Monday, June 10, 2019

How Much Do You Know About CPR and AEDs?

On Dec. 13, 2007, Congress unanimously passed a resolution to create National Cardiopulmonary (CPR) and Automated External Defibrillator (AED) Awareness Week. This observance occurs the first week of June each year to increase public knowledge of the use of CPR and AEDs.   

Working with health advocates across the nation, the American Heart Association (AHA) has made significant strides strengthening the Chain of Survival: 

  • Idaho, Louisiana, Maryland and Oregon all have successfully enacted legislation that eased liability concerns for businesses and organizations that place AEDs in their facilities. 
  • Iowa and Wisconsin now require that high school students be offered hands-on CPR training. 

Sudden cardiac arrest (SCA) is a leading cause of death in the United States, accounting for an estimated 295,000 occurrences of out-of-hospital SCA per year, with only an 8 percent survival rate. It can be successfully treated in many victims by a time electrical shock using an AED, but time is critical. Using AEDs helps save lives because they can help restore normal heart rhythm before emergency personnel arrive. Communities with comprehensive AED programs have achieved survival rates of 40 percent or higher.   

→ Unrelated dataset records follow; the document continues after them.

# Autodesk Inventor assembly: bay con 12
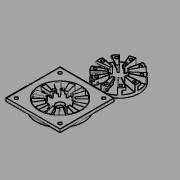
[picture p0: Inventor's stored thumbnail of the model, 180x180]
Saved by Autodesk Inventor 2015 (Build 190159000, 159)
## iProperties
Created: 2014-10-17
Part Number: bay con 12
Document SubType Name: Assembly
Designer: ericd_000
Author: ericd_000
## Documents named in this file (3)
- C:\Users\ericd_000\Dropbox\GitHub\initial_cad\eric_cad\bay con 12.iam
- C:\Users\ericd_000\Dropbox\GitHub\initial_cad\eric_cad\bayonet container 12.ipt
- C:\Users\ericd_000\Dropbox\GitHub\initial_cad\eric_cad\male bayonet connector 12.ipt
## Components (2 placed, 2 different names)
1. bayonet container 12:1 — Mate:2
2. male bayonet connector 12:1 — Mate:1
## Relationships (2: Mate 2)
- Mate:1: male bayonet connector 12:1
- Mate:2: bayonet container 12:1
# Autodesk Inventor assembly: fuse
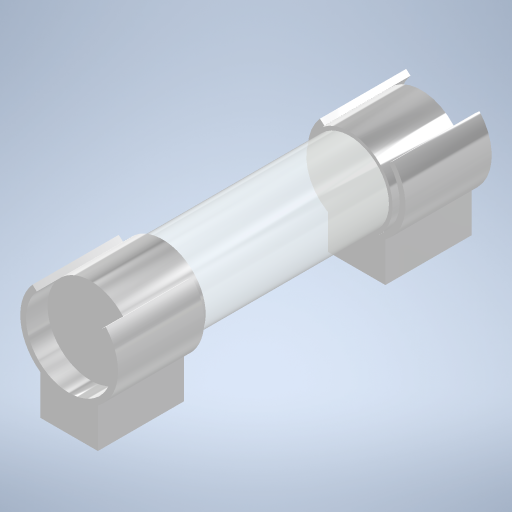
[picture p0: Inventor's stored thumbnail of the model, 512x512]
Saved by Autodesk Inventor 2024.1 (Build 281209000, 209)
## iProperties
Created: 2025-02-19
Part Number: fuse
Document SubType Name: Assembly
Designer: hibik
Author: hibik
## Documents named in this file (3)
- C:\Users\hibik\Documents\Robomech\RESCUE\ORCA\hard\std_parts\fuse.iam
- C:\Users\hibik\Documents\Robomech\RESCUE\ORCA\hard\std_parts\fuse_cover.ipt
- C:\Users\hibik\Documents\Robomech\RESCUE\ORCA\hard\std_parts\fuse_fuse.ipt
## Components (2 placed, 2 different names)
1. fuse_cover:1 — 挿入:1
2. fuse_fuse:1 — 挿入:1
## Relationships (1: Insert 1)
- 挿入:1 [Insert]: fuse_cover:1 ↔ fuse_fuse:1
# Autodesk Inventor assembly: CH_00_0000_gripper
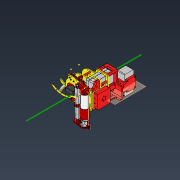
[picture p0: Inventor's stored thumbnail of the model, 180x180]
Saved by Autodesk Inventor 2022.3 (Build 263350030, 350C)
## iProperties
Created: 2022-02-10
Part Number: CH_00_0000_gripper
Document SubType Name: Assembly
Designer: Tomasz Krakowski
Author: Tomasz Krakowski
## Documents named in this file (57)
- C:\Repozytoria\sd-roboczy\01_praca\04_model\02_wykonawczy\CH_00_0000_gripper.iam
- C:\Repozytoria\sd-roboczy\01_praca\04_model\02_wykonawczy\CH_01_0001_base.ipt
- C:\Repozytoria\sd-roboczy\01_praca\04_model\02_wykonawczy\CH_01_0002_arm.ipt
- C:\Repozytoria\sd-roboczy\01_praca\04_model\02_wykonawczy\CH_01_0004_servo.ipt
- C:\Repozytoria\sd-roboczy\01_praca\04_model\02_wykonawczy\CH_01_0008_servo_horn.ipt
- C:\Repozytoria\sd-roboczy\01_praca\04_model\02_wykonawczy\CH_01_0006_syringe.ipt
- C:\Repozytoria\sd-roboczy\01_praca\04_model\02_wykonawczy\CH_01_0009_servo_shaft.ipt
- C:\Repozytoria\sd-roboczy\01_praca\04_model\02_wykonawczy\CH_01_0007_piston.ipt
- C:\Repozytoria\sd-roboczy\01_praca\04_model\02_wykonawczy\CH_01_0000_stem.ipt
- C:\Repozytoria\sd-roboczy\01_praca\04_model\02_wykonawczy\CH_01_0015_SKF_608_2RS1.ipt
- C:\Repozytoria\sd-roboczy\01_praca\04_model\02_wykonawczy\CH_01_0010_syringe_pump_servo.ipt
- C:\Repozytoria\sd-roboczy\01_praca\04_model\02_wykonawczy\CH_01_0012_bearing_plate.ipt
- C:\Repozytoria\sd-roboczy\01_praca\04_model\02_wykonawczy\CH_01_0014_syringe_mount_2.ipt
- C:\Repozytoria\sd-roboczy\01_praca\04_model\02_wykonawczy\CH_01_0016_syringe_mount_3.ipt
- C:\Repozytoria\sd-roboczy\01_praca\04_model\02_wykonawczy\CH_01_0017_distance.ipt
- C:\Repozytoria\sd-roboczy\01_praca\04_model\02_wykonawczy\CH_01_0018_arm.ipt
- C:\Repozytoria\sd-roboczy\01_praca\04_model\02_wykonawczy\CH_01_0019_bearing_plate_2.ipt
- C:\Repozytoria\sd-roboczy\01_praca\04_model\02_wykonawczy\CH_01_0020_servo_shaft_1.ipt
- C:\Repozytoria\sd-roboczy\01_praca\04_model\02_wykonawczy\CH_01_0021_distans_40mm.ipt
- C:\Repozytoria\sd-roboczy\01_praca\04_model\02_wykonawczy\CH_01_0025_end_switch.ipt
- C:\Repozytoria\sd-roboczy\01_praca\04_model\02_wykonawczy\CH_01_0025_end_switch_mount.ipt
- C:\Repozytoria\sd-roboczy\01_praca\04_model\02_wykonawczy\CH_01_0027_linear_actuator.ipt
- C:\Repozytoria\sd-roboczy\01_praca\04_model\02_wykonawczy\CH_01_0028_end_switch_mount_2.ipt
- C:\Repozytoria\sd-roboczy\01_praca\04_model\02_wykonawczy\CH_01_0029_syringe_pump_1.ipt
- C:\Repozytoria\sd-roboczy\01_praca\04_model\02_wykonawczy\CH_01_0022_bearing_mount.ipt
- C:\Repozytoria\sd-roboczy\01_praca\04_model\02_wykonawczy\CH_01_0031_bearing_mount_02.ipt
- C:\Repozytoria\sd-roboczy\01_praca\04_model\Content Center Files\en-US\DIN 912\DIN 912 - M3 x 0,5 x 8 x 6,75.ipt
- C:\Repozytoria\sd-roboczy\01_praca\04_model\Content Center Files\en-US\DIN 912\DIN 912 - M3 x 0,5 x 6 x 4,75.ipt
- C:\Repozytoria\sd-roboczy\01_praca\04_model\Content Center Files\en-US\DIN 912\DIN 912 - M3 x 0,5 x 16 x 14,75.ipt
- C:\Repozytoria\sd-roboczy\01_praca\04_model\Content Center Files\en-US\DIN 912\DIN 912 - M3 x 0,5 x 12 x 10,75.ipt
- C:\Repozytoria\sd-roboczy\01_praca\04_model\Content Center Files\en-US\PEM Concealed-head Standoffs CSS - Metric\CSS-M3-4.ipt
- C:\Repozytoria\sd-roboczy\01_praca\04_model\02_wykonawczy\CH_00_0001_needle_gripper.iam
- C:\Repozytoria\sd-roboczy\01_praca\04_model\02_wykonawczy\CH_01_0033_syringe_pump_nut_mount.ipt
- C:\Repozytoria\sd-roboczy\01_praca\04_model\02_wykonawczy\CH_01_0034_syringe_pump_nut_mount_2.ipt
- C:\Repozytoria\sd-roboczy\01_praca\04_model\Content Center Files\en-US\DIN 912\DIN 912 - M3 x 0.5 x 10 x 8.75.ipt
- C:\Repozytoria\sd-roboczy\01_praca\04_model\Content Center Files\en-US\DIN 912\DIN 912 - M3 x 0.5 x 6 x 4.75.ipt
- C:\Repozytoria\sd-roboczy\01_praca\04_model\02_wykonawczy\CH_01_0035_servo_mount.ipt
- C:\Repozytoria\sd-roboczy\01_praca\04_model\Content Center Files\en-US\DIN 912\DIN 912 - M4 x 0.7 x 8 x 6.25.ipt
- C:\Repozytoria\sd-roboczy\01_praca\04_model\Content Center Files\en-US\PEM Concealed-head Standoffs CSS - Metric\CSS-M4-4.ipt
- C:\Repozytoria\sd-roboczy\01_praca\04_model\Content Center Files\en-US\CNS 4433\CNS 4433 - M 2.ipt
- C:\Repozytoria\sd-roboczy\01_praca\04_model\Content Center Files\en-US\DIN 912\DIN 912 - M2 x 0.4 x 10 x 9.ipt
- C:\Repozytoria\sd-roboczy\01_praca\04_model\Content Center Files\en-US\DIN 912\DIN 912 - M4 x 0.7 x 40 x 20.ipt
- C:\Repozytoria\sd-roboczy\01_praca\04_model\02_wykonawczy\CH_00_0004_Z128.iam
- C:\Repozytoria\sd-roboczy\01_praca\04_model\02_wykonawczy\CH_01_0039_kradex_mount_1.ipt
- C:\Repozytoria\sd-roboczy\01_praca\04_model\02_wykonawczy\CH_01_0040_kradex_mount_2.ipt
- C:\Repozytoria\sd-roboczy\01_praca\04_model\02_wykonawczy\CH_01_0042_pcb_layout.ipt
- C:\Repozytoria\sd-roboczy\01_praca\04_model\02_wykonawczy\CH_01_0044_motor_end.ipt
- C:\Repozytoria\sd-roboczy\01_praca\04_model\02_wykonawczy\CH_01_0045_endefector_mount.ipt
- C:\Repozytoria\sd-roboczy\01_praca\04_model\02_wykonawczy\CH_01_0046_arm.ipt
- C:\Repozytoria\sd-roboczy\01_praca\04_model\02_wykonawczy\CH_01_0047_camera_mount.ipt
- C:\Repozytoria\sd-roboczy\01_praca\04_model\02_wykonawczy\CH_01_0043_camera_PH.ipt
- C:\Repozytoria\sd-roboczy\01_praca\04_model\02_wykonawczy\CH_01_0049_distans_40mm.ipt
- C:\Repozytoria\sd-roboczy\01_praca\04_model\02_wykonawczy\CH_01_0050_distans_40mm.ipt
- C:\Repozytoria\sd-roboczy\01_praca\04_model\02_wykonawczy\CH_01_0011_syringe_pump_needle mount_lower.ipt
- C:\Repozytoria\sd-roboczy\01_praca\04_model\02_wykonawczy\CH_01_0052_bracket_mount.ipt
- C:\Repozytoria\sd-roboczy\01_praca\04_model\02_wykonawczy\CH_01_0053_camera_mount.ipt
- C:\Repozytoria\sd-roboczy\01_praca\04_model\02_wykonawczy\CH_01_0054_camer_mount_part_b.ipt
## Components (121 placed, 55 different names)
1. CH_01_0001_base:1 — Mate:25, Mate:26, Mate:27, Zestawiający:43, pompa:51, Mate:53, Mate:54, Mate:58, Zestawiający:66, Zestawiający:73, Mate:94, Mate:100, Mate:102, Mate:103, Mate:106, Mate:115, Mate:164, Mate:165, Mate:166, Mate:169, Mate:170, Mate:171, Mate:172, Mate:179, Mate:180, Mate:181, Mate:182, Mate:193, Mate:194, Mate:196, Mate:225, Mate:226, Mate:289, Mate:290, Mate:292, Mate:295
2. CH_01_0002_arm:1 — Mate:17, Mate:18, Mate:19, Mate:30, Mate:32
3. CH_01_0006_syringe:1 — Mate:22, Mate:23, Zestawiający:49, Zestawiający:50, Mate:134, Mate:136
4. CH_01_0007_piston:1 — Mate:22, Mate:23, Mate:126, Mate:127, Mate:137, Flush:18
5. CH_01_0000_stem:1 — Mate:25
6. CH_01_0004_servo:1 — Mate:26, Mate:27, Mate:28, Mate:29, Mate:58
7. CH_01_0008_servo_horn:2 — Mate:28, Mate:29, Mate:30, Mate:31, Mate:32
8. SKF 2RS1-  with two seals SKF 2RS1608-2RS1:1 — Zestawiający:34, Mate:57, Mate:131
9. CH_01_0012_bearing_plate:1 — Zestawiający:43, Zestawiający:63, Zestawiający:64, Zestawiający:65, Zestawiający:66, Zestawiający:79, Zestawiający:80, Mate:101, Mate:110, Mate:112, Mate:113, Mate:114, Mate:132, Mate:133, Mate:233, Mate:234, Mate:235, Mate:236, Mate:237, Mate:238, Mate:246, Mate:251, Mate:252, Mate:253, Mate:254, Mate:259, Flush:48, Flush:49, Mate:281, Mate:282, Mate:283, Mate:284, Mate:285, Mate:286, Mate:287, Mate:288
10. CH_01_0014_syringe_mount_2:1 — Zestawiający:49, Zestawiający:50, pompa:51, Zestawiający:73, Mate:124, Mate:125, Mate:155, Flush:24, Mate:156, Flush:25, Mate:157
11. CH_01_0016_syringe_mount_3:1 — Mate:53, Mate:54, Mate:134, Mate:135, Flush:18, Mate:149, Mate:150, Mate:154, Flush:23, Mate:158, Mate:159
12. CH_01_0017_distance:1 — Mate:56, Mate:57, Zestawiający:62
13. CH_01_0018_arm:1 — Zestawiający:59, Zestawiający:60, Zestawiający:61
14. SKF 2RS1-  with two seals SKF 2RS1608-2RS1:2 — Zestawiający:62, Zestawiający:63, Równoległy:4, Mate:128, Mate:129
15. CH_01_0019_bearing_plate_2:1 — Zestawiający:64, Zestawiający:65, Równoległy:4, Zestawiający:82, Zestawiający:83, Mate:119, Mate:122, Flush:17, Mate:123, Mate:130, Mate:228, Mate:229, Mate:230, Mate:231, Mate:232, Mate:250, Mate:261, Mate:264, Mate:265, Mate:266, Mate:303, Flush:53, Flush:54
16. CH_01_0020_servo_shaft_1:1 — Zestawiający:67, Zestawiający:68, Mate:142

It may not always be possible to have access to an AED. It is the American Heart Association's belief that everyone should know how to perform CPR in an emergency. Immediate, effective CPR could more than double a victim's chance of survival. Those administering CPR should push on the chest at a rate of at least 100 beats per minute. The AHA says, push to the beat of "Stayin' Alive," and you could save a life. 

Did you know about 70 percent of out-of-hospital cardiac arrests happen in homes? If you are called on to give CPR in an emergency, you will most likely be trying to save the life of someone you love. Be the difference for your parent, spouse, or child. What if it were them?